RECORDS SUPPLIED section start
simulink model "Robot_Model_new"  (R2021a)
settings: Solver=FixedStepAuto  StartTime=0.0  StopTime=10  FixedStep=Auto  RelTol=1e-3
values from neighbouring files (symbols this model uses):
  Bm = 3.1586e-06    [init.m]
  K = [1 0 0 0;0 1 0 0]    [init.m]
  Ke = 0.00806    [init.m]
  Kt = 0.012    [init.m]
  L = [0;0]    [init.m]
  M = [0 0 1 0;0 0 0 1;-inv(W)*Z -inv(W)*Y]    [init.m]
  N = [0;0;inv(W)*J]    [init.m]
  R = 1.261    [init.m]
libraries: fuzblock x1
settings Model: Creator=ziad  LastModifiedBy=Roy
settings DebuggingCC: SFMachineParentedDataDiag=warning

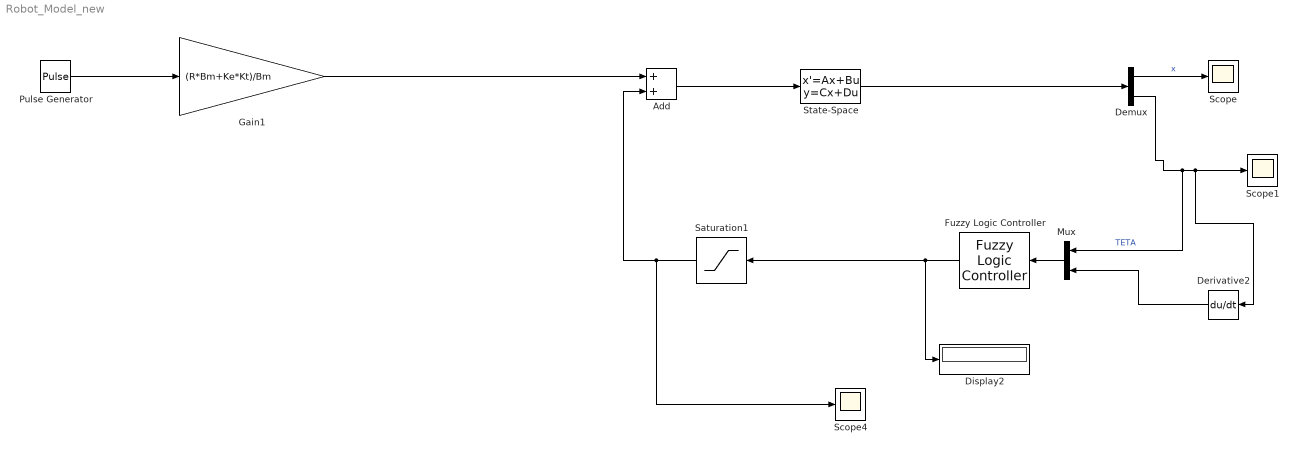
== system Robot_Model_new ==
  Add : Sum
  Demux : Demux  Outputs=2
  Derivative2 : Derivative
  Display2 : Display
  Fuzzy Logic Controller : fuzblock/Fuzzy Logic  Controller  FIS="\"CPFIS_damped5.8.fis\""  OutputSampleNumber=101  DataType=double  FuzzifiedInputs=off  RuleFiringStrengths=off  RuleOutputs=off  AggregatedOutputs=off  SimulateUsing=Interpreted execution  OutOfRangeInputValueMessage=warning  NoRuleFiredMessage=warning  EmptyOutputFuzzySetMessage=warning
  Gain1 : Gain  Gain=(R*Bm+Ke*Kt)/Bm
  Mux : Mux  Inputs=2
  Pulse Generator : DiscretePulseGenerator  PulseType=Time based  Amplitude=0.2  Period=10  PhaseDelay=1
  Saturation1 : Saturate  UpperLimit=7.2  LowerLimit=-7.2
  Scope : Scope
  Scope1 : Scope
  Scope4 : Scope
  State-Space : StateSpace  A=M  B=N  C=K  D=L  InitialCondition=0
  wires:
  Demux/1 -> Scope/1  "x"
  Demux/2 -> Mux/1, Derivative2/1, Scope1/1  "TETA"
  State-Space/1 -> Demux/1
  Pulse Generator/1 -> Gain1/1
  Fuzzy Logic Controller/1 -> Saturation1/1, Display2/1
  Mux/1 -> Fuzzy Logic Controller/1
  Derivative2/1 -> Mux/2
  Saturation1/1 -> Add/2, Scope4/1
  Add/1 -> State-Space/1
  Gain1/1 -> Add/1
RECORDS SUPPLIED section end
> [WORK TO COMPLETE]: Precisely the line with "Derivative2/1 -> Mux/2" and the lines after it, up to the last line of the entries above, are to be reproduced, and nothing more.

> [SOLUTION TO THIS TASK]:
  Derivative2/1 -> Mux/2
  Saturation1/1 -> Add/2, Scope4/1
  Add/1 -> State-Space/1
  Gain1/1 -> Add/1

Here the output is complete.